### WORK TASK
Each line below from the one containing "line L19 (31.5354, -137.7375)" through the one containing "line L28 (-42.398, -5.5913)" should be output exactly as it stands, and no other line should appear.

[Saved data entries]
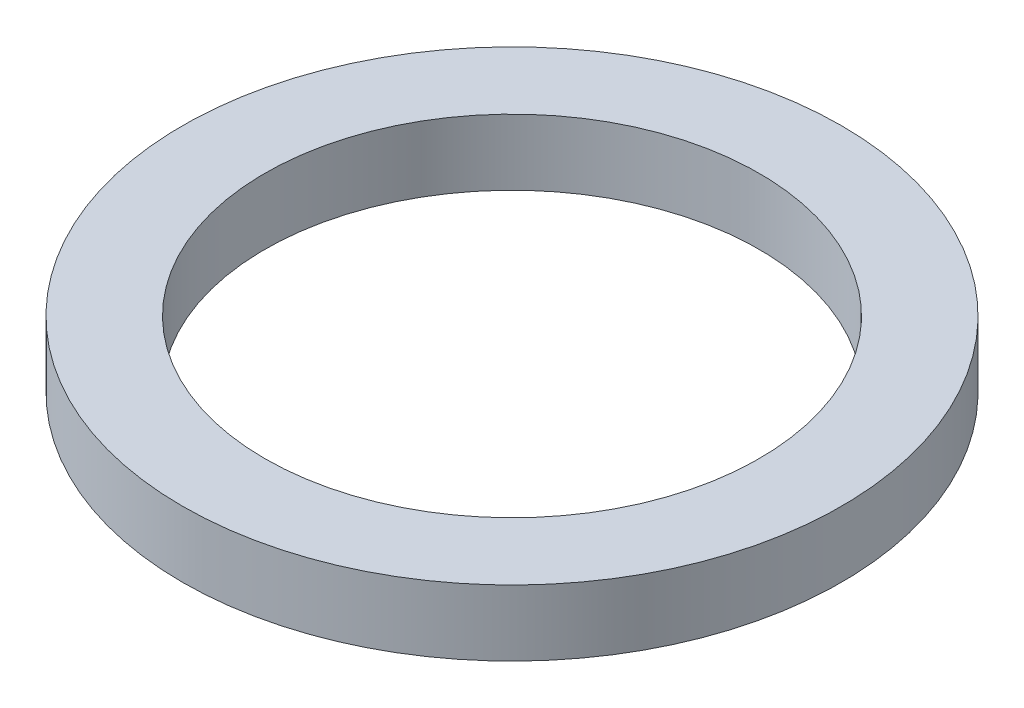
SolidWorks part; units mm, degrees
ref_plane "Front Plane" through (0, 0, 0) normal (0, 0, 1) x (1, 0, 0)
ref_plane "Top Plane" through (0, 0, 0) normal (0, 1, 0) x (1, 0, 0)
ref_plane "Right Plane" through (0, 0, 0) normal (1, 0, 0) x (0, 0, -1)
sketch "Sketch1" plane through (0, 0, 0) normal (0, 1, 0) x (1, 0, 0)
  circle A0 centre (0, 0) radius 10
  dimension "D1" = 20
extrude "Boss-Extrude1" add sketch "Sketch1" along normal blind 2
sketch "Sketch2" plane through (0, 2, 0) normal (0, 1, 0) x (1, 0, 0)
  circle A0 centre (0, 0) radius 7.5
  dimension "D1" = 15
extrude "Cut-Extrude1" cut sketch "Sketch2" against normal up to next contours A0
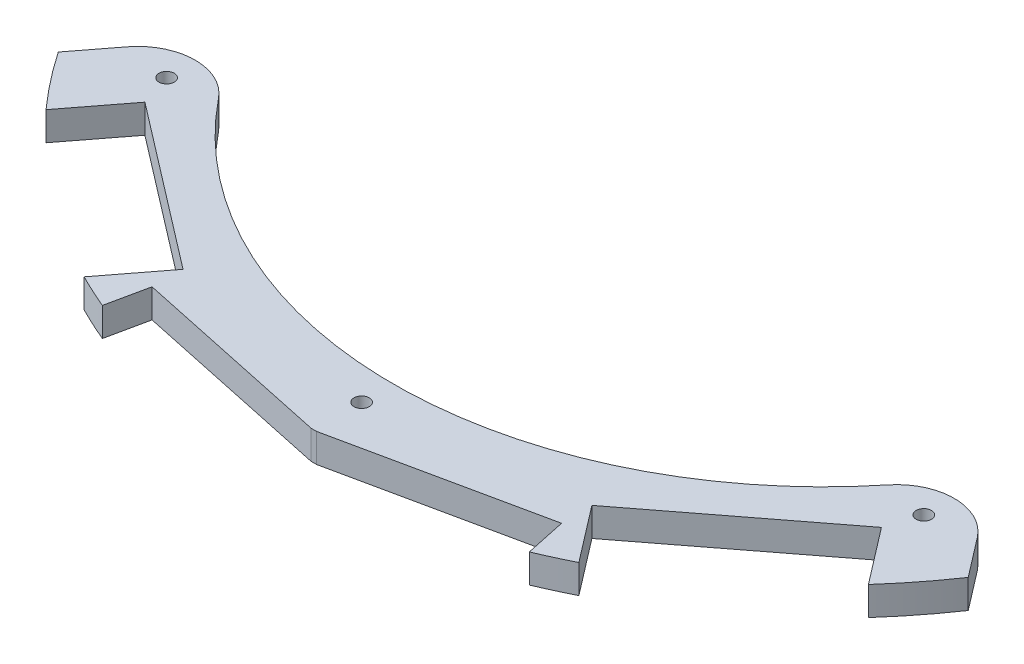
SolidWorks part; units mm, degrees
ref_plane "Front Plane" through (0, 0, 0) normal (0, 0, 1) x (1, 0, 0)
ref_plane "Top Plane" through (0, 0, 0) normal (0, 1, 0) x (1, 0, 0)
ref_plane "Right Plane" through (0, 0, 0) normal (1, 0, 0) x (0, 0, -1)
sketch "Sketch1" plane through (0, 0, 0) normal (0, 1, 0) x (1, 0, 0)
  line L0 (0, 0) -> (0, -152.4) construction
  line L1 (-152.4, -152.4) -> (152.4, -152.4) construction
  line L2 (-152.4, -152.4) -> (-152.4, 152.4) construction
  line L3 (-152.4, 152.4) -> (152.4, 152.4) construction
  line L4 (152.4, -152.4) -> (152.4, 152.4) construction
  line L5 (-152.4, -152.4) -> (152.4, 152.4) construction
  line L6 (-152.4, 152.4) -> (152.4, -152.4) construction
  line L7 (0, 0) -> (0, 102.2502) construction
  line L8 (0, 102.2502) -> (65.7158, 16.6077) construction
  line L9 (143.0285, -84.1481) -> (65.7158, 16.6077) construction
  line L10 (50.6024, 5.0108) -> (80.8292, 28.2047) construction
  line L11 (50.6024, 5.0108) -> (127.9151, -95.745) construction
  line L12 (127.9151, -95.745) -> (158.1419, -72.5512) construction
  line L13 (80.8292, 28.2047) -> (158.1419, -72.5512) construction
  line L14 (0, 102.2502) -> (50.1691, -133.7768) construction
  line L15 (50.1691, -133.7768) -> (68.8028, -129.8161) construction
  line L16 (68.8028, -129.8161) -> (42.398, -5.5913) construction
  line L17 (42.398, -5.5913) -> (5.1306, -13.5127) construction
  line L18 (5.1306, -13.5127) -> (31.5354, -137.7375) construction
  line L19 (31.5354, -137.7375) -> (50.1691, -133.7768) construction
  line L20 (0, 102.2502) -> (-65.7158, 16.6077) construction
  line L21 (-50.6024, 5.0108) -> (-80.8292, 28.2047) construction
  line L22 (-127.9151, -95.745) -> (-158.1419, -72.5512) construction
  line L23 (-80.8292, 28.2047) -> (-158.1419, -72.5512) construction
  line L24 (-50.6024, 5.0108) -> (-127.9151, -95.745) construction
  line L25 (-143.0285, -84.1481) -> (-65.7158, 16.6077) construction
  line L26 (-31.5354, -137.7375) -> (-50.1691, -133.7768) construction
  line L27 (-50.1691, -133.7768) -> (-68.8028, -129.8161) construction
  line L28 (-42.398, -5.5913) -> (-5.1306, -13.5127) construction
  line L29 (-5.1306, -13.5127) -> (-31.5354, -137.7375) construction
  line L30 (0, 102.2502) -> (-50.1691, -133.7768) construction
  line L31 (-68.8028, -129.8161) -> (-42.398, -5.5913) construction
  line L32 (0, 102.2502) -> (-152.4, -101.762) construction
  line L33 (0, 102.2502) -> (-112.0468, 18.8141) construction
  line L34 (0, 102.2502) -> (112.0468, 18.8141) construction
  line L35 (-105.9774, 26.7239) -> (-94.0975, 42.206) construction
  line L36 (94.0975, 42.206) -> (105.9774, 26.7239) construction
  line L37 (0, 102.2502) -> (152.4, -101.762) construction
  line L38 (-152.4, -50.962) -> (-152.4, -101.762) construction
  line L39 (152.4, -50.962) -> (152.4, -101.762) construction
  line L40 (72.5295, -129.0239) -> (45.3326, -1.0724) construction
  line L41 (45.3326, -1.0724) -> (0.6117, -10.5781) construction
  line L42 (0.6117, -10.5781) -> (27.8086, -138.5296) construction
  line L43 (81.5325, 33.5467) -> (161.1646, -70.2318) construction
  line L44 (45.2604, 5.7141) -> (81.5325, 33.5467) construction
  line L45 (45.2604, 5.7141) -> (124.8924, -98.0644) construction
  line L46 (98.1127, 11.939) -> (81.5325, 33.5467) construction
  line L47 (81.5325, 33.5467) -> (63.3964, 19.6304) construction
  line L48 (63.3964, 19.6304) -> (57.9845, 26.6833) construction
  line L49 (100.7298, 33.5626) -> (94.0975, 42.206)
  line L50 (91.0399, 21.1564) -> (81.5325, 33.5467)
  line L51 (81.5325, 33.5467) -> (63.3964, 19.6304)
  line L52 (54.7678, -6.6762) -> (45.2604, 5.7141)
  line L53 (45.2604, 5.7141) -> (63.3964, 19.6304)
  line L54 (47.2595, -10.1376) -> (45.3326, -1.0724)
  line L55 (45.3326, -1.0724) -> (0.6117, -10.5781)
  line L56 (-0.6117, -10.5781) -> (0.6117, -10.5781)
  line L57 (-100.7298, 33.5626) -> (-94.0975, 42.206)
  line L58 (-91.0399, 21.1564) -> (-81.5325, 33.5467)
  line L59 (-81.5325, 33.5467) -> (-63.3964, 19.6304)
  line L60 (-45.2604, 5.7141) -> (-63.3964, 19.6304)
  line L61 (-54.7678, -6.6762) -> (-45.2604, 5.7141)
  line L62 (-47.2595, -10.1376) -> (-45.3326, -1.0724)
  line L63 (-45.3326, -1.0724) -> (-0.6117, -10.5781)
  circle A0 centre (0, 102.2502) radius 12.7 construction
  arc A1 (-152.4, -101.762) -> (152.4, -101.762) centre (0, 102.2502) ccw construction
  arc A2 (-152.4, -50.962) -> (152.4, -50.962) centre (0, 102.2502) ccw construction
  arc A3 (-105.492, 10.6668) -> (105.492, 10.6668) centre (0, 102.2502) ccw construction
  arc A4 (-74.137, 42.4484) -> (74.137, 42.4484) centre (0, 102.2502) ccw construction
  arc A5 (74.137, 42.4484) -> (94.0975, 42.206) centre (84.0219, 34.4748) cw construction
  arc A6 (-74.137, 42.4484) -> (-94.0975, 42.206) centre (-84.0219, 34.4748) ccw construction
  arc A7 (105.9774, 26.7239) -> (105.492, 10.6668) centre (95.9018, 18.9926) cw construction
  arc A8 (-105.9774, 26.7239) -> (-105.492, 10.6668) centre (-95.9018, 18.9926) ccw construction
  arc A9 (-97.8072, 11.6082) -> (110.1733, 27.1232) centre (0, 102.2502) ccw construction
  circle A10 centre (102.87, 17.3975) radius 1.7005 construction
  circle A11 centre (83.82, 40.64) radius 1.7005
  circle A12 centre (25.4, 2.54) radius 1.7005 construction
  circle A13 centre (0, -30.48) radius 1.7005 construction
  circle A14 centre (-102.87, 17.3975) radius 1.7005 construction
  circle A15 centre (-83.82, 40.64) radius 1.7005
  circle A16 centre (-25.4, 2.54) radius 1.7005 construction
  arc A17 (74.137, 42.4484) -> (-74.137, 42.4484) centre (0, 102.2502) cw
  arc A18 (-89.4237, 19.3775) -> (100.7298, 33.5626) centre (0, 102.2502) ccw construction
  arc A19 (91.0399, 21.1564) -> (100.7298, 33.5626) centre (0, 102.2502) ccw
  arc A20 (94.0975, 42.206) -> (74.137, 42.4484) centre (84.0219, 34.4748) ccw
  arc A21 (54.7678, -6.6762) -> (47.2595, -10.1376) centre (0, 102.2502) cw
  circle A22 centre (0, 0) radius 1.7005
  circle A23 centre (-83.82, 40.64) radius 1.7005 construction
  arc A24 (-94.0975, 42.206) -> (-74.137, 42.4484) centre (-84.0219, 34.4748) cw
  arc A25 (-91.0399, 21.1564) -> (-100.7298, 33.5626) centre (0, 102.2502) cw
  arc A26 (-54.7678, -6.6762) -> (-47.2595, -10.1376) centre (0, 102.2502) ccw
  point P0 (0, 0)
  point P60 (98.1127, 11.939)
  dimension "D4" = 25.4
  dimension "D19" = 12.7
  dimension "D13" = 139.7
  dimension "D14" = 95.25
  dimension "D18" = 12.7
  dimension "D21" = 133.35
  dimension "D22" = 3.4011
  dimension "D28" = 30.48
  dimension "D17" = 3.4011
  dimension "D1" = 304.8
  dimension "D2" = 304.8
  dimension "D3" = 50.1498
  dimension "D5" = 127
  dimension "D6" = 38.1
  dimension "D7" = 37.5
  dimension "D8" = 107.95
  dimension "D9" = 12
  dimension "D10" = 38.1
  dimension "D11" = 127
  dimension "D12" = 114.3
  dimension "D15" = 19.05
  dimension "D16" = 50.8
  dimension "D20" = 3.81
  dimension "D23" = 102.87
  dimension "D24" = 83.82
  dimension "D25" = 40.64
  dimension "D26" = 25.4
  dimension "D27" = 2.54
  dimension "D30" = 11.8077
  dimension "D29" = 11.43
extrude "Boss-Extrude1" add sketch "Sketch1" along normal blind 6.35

### RESPONSE AREA
  line L19 (31.5354, -137.7375) -> (50.1691, -133.7768) construction
  line L20 (0, 102.2502) -> (-65.7158, 16.6077) construction
  line L21 (-50.6024, 5.0108) -> (-80.8292, 28.2047) construction
  line L22 (-127.9151, -95.745) -> (-158.1419, -72.5512) construction
  line L23 (-80.8292, 28.2047) -> (-158.1419, -72.5512) construction
  line L24 (-50.6024, 5.0108) -> (-127.9151, -95.745) construction
  line L25 (-143.0285, -84.1481) -> (-65.7158, 16.6077) construction
  line L26 (-31.5354, -137.7375) -> (-50.1691, -133.7768) construction
  line L27 (-50.1691, -133.7768) -> (-68.8028, -129.8161) construction
  line L28 (-42.398, -5.5913) -> (-5.1306, -13.5127) construction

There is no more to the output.